[Records from a dataset]
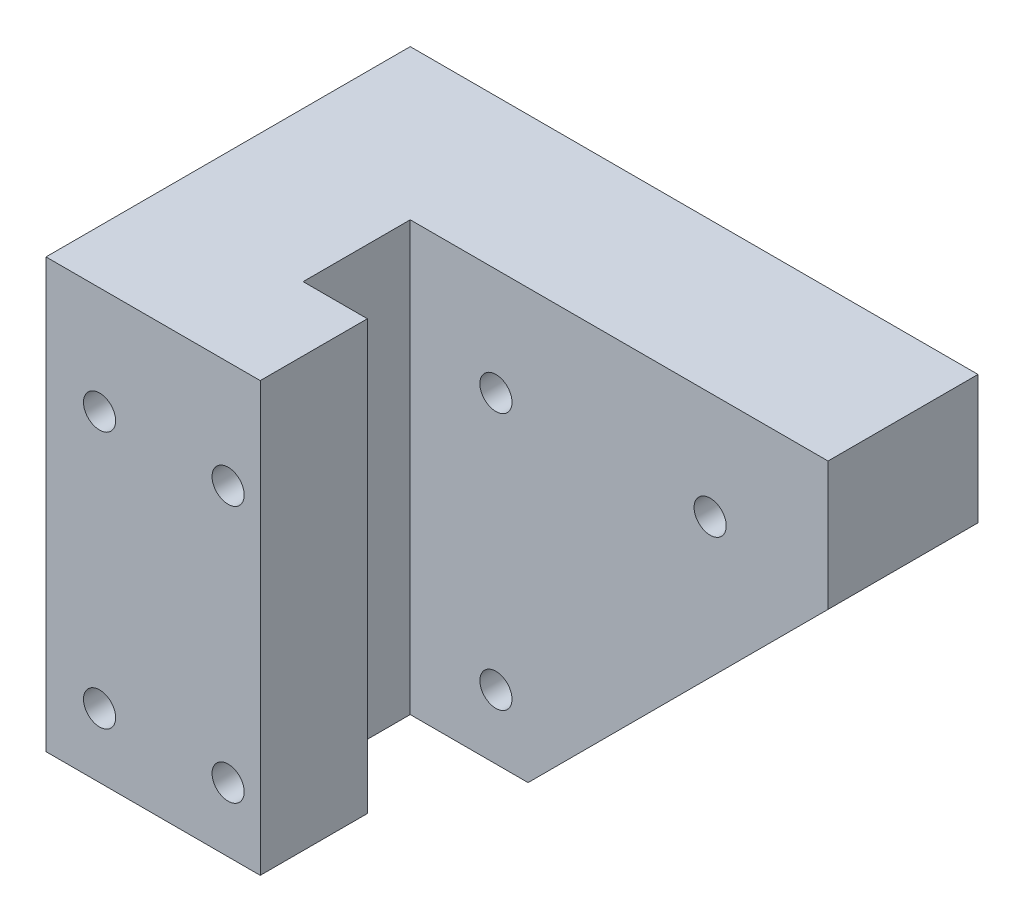
ISO-10303-21;
HEADER;
FILE_DESCRIPTION(('STEP AP214'),'2;1');
FILE_NAME('part.step','',(''),(''),'','','');
FILE_SCHEMA(('AUTOMOTIVE_DESIGN { 1 0 10303 214 1 1 1 1 }'));
ENDSEC;
DATA;
#1=APPLICATION_CONTEXT('core data for automotive mechanical design processes');
#2=APPLICATION_PROTOCOL_DEFINITION('international standard','automotive_design',2000,#1);
#3=PRODUCT_CONTEXT('',#1,'mechanical');
#4=PRODUCT('Part','Part','',(#3));
#5=PRODUCT_RELATED_PRODUCT_CATEGORY('part','',(#4));
#6=PRODUCT_DEFINITION_FORMATION('','',#4);
#7=PRODUCT_DEFINITION_CONTEXT('part definition',#1,'design');
#8=PRODUCT_DEFINITION('design','',#6,#7);
#9=PRODUCT_DEFINITION_SHAPE('','',#8);
#10=(LENGTH_UNIT() NAMED_UNIT(*) SI_UNIT(.MILLI.,.METRE.));
#11=(NAMED_UNIT(*) PLANE_ANGLE_UNIT() SI_UNIT($,.RADIAN.));
#12=(NAMED_UNIT(*) SI_UNIT($,.STERADIAN.) SOLID_ANGLE_UNIT());
#13=UNCERTAINTY_MEASURE_WITH_UNIT(LENGTH_MEASURE(1.E-05),#10,'distance_accuracy_value','');
#14=(GEOMETRIC_REPRESENTATION_CONTEXT(3) GLOBAL_UNCERTAINTY_ASSIGNED_CONTEXT((#13)) GLOBAL_UNIT_ASSIGNED_CONTEXT((#10,
#11,#12)) REPRESENTATION_CONTEXT('',''));
#15=CARTESIAN_POINT('',(0.,0.,0.));
#16=DIRECTION('',(0.,0.,1.));
#17=DIRECTION('',(1.,0.,0.));
#18=AXIS2_PLACEMENT_3D('',#15,#16,#17);
#19=CARTESIAN_POINT('',(20.,0.,34.));
#20=DIRECTION('',(-1.,0.,0.));
#21=DIRECTION('',(0.,0.,1.));
#22=AXIS2_PLACEMENT_3D('',#19,#20,#21);
#23=PLANE('',#22);
#24=DIRECTION('',(0.,-1.,0.));
#25=VECTOR('',#24,1.);
#26=CARTESIAN_POINT('',(20.,40.,24.));
#27=LINE('',#26,#25);
#28=CARTESIAN_POINT('',(20.,40.,24.));
#29=VERTEX_POINT('',#28);
#30=CARTESIAN_POINT('',(20.,0.,24.));
#31=VERTEX_POINT('',#30);
#32=EDGE_CURVE('E117',#29,#31,#27,.T.);
#33=ORIENTED_EDGE('',*,*,#32,.F.);
#34=DIRECTION('',(0.,0.,-1.));
#35=VECTOR('',#34,1.);
#36=CARTESIAN_POINT('',(20.,40.,34.));
#37=LINE('',#36,#35);
#38=CARTESIAN_POINT('',(20.,40.,34.));
#39=VERTEX_POINT('',#38);
#40=EDGE_CURVE('E132',#39,#29,#37,.T.);
#41=ORIENTED_EDGE('',*,*,#40,.F.);
#42=DIRECTION('',(0.,1.,0.));
#43=VECTOR('',#42,1.);
#44=CARTESIAN_POINT('',(20.,0.,34.));
#45=LINE('',#44,#43);
#46=CARTESIAN_POINT('',(20.,0.,34.));
#47=VERTEX_POINT('',#46);
#48=EDGE_CURVE('E198',#47,#39,#45,.T.);
#49=ORIENTED_EDGE('',*,*,#48,.F.);
#50=DIRECTION('',(0.,0.,-1.));
#51=VECTOR('',#50,1.);
#52=CARTESIAN_POINT('',(20.,0.,34.));
#53=LINE('',#52,#51);
#54=EDGE_CURVE('E135',#47,#31,#53,.T.);
#55=ORIENTED_EDGE('',*,*,#54,.T.);
#56=EDGE_LOOP('',(#33,#41,#49,#55));
#57=FACE_BOUND('',#56,.T.);
#58=ADVANCED_FACE('F41',(#57),#23,.F.);
#59=CARTESIAN_POINT('',(0.,0.,34.));
#60=DIRECTION('',(0.,1.,0.));
#61=DIRECTION('',(0.,0.,1.));
#62=AXIS2_PLACEMENT_3D('',#59,#60,#61);
#63=PLANE('',#62);
#64=DIRECTION('',(-1.,0.,0.));
#65=VECTOR('',#64,1.);
#66=CARTESIAN_POINT('',(20.,0.,24.));
#67=LINE('',#66,#65);
#68=CARTESIAN_POINT('',(14.,0.,24.));
#69=VERTEX_POINT('',#68);
#70=EDGE_CURVE('E396',#31,#69,#67,.T.);
#71=ORIENTED_EDGE('',*,*,#70,.F.);
#72=ORIENTED_EDGE('',*,*,#54,.F.);
#73=DIRECTION('',(1.,0.,0.));
#74=VECTOR('',#73,1.);
#75=CARTESIAN_POINT('',(0.,0.,34.));
#76=LINE('',#75,#74);
#77=CARTESIAN_POINT('',(0.,0.,34.));
#78=VERTEX_POINT('',#77);
#79=EDGE_CURVE('E196',#78,#47,#76,.T.);
#80=ORIENTED_EDGE('',*,*,#79,.F.);
#81=DIRECTION('',(0.,0.,-1.));
#82=VECTOR('',#81,1.);
#83=CARTESIAN_POINT('',(0.,0.,34.));
#84=LINE('',#83,#82);
#85=CARTESIAN_POINT('',(0.,0.,0.));
#86=VERTEX_POINT('',#85);
#87=EDGE_CURVE('E49',#78,#86,#84,.T.);
#88=ORIENTED_EDGE('',*,*,#87,.T.);
#89=DIRECTION('',(1.,0.,0.));
#90=VECTOR('',#89,1.);
#91=CARTESIAN_POINT('',(0.,0.,0.));
#92=LINE('',#91,#90);
#93=CARTESIAN_POINT('',(25.,0.,0.));
#94=VERTEX_POINT('',#93);
#95=EDGE_CURVE('E202',#86,#94,#92,.T.);
#96=ORIENTED_EDGE('',*,*,#95,.T.);
#97=DIRECTION('',(0.,0.,-1.));
#98=VECTOR('',#97,1.);
#99=CARTESIAN_POINT('',(25.,0.,34.));
#100=LINE('',#99,#98);
#101=CARTESIAN_POINT('',(25.,0.,14.));
#102=VERTEX_POINT('',#101);
#103=EDGE_CURVE('E162',#102,#94,#100,.T.);
#104=ORIENTED_EDGE('',*,*,#103,.F.);
#105=DIRECTION('',(-1.,0.,0.));
#106=VECTOR('',#105,1.);
#107=CARTESIAN_POINT('',(0.,0.,14.));
#108=LINE('',#107,#106);
#109=CARTESIAN_POINT('',(14.,0.,14.));
#110=VERTEX_POINT('',#109);
#111=EDGE_CURVE('E175',#102,#110,#108,.T.);
#112=ORIENTED_EDGE('',*,*,#111,.T.);
#113=DIRECTION('',(0.,0.,-1.));
#114=VECTOR('',#113,1.);
#115=CARTESIAN_POINT('',(14.,0.,14.));
#116=LINE('',#115,#114);
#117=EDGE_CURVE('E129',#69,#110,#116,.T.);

## About this exercise
Only the lines above from the line with "#79=EDGE_CURVE('E196',#78,#47,#76,.T.);" to the line with "#99=CARTESIAN_POINT('',(25.,0.,34.));", those two lines included, should be reproduced exactly.

## Result below
#79=EDGE_CURVE('E196',#78,#47,#76,.T.);
#80=ORIENTED_EDGE('',*,*,#79,.F.);
#81=DIRECTION('',(0.,0.,-1.));
#82=VECTOR('',#81,1.);
#83=CARTESIAN_POINT('',(0.,0.,34.));
#84=LINE('',#83,#82);
#85=CARTESIAN_POINT('',(0.,0.,0.));
#86=VERTEX_POINT('',#85);
#87=EDGE_CURVE('E49',#78,#86,#84,.T.);
#88=ORIENTED_EDGE('',*,*,#87,.T.);
#89=DIRECTION('',(1.,0.,0.));
#90=VECTOR('',#89,1.);
#91=CARTESIAN_POINT('',(0.,0.,0.));
#92=LINE('',#91,#90);
#93=CARTESIAN_POINT('',(25.,0.,0.));
#94=VERTEX_POINT('',#93);
#95=EDGE_CURVE('E202',#86,#94,#92,.T.);
#96=ORIENTED_EDGE('',*,*,#95,.T.);
#97=DIRECTION('',(0.,0.,-1.));
#98=VECTOR('',#97,1.);
#99=CARTESIAN_POINT('',(25.,0.,34.));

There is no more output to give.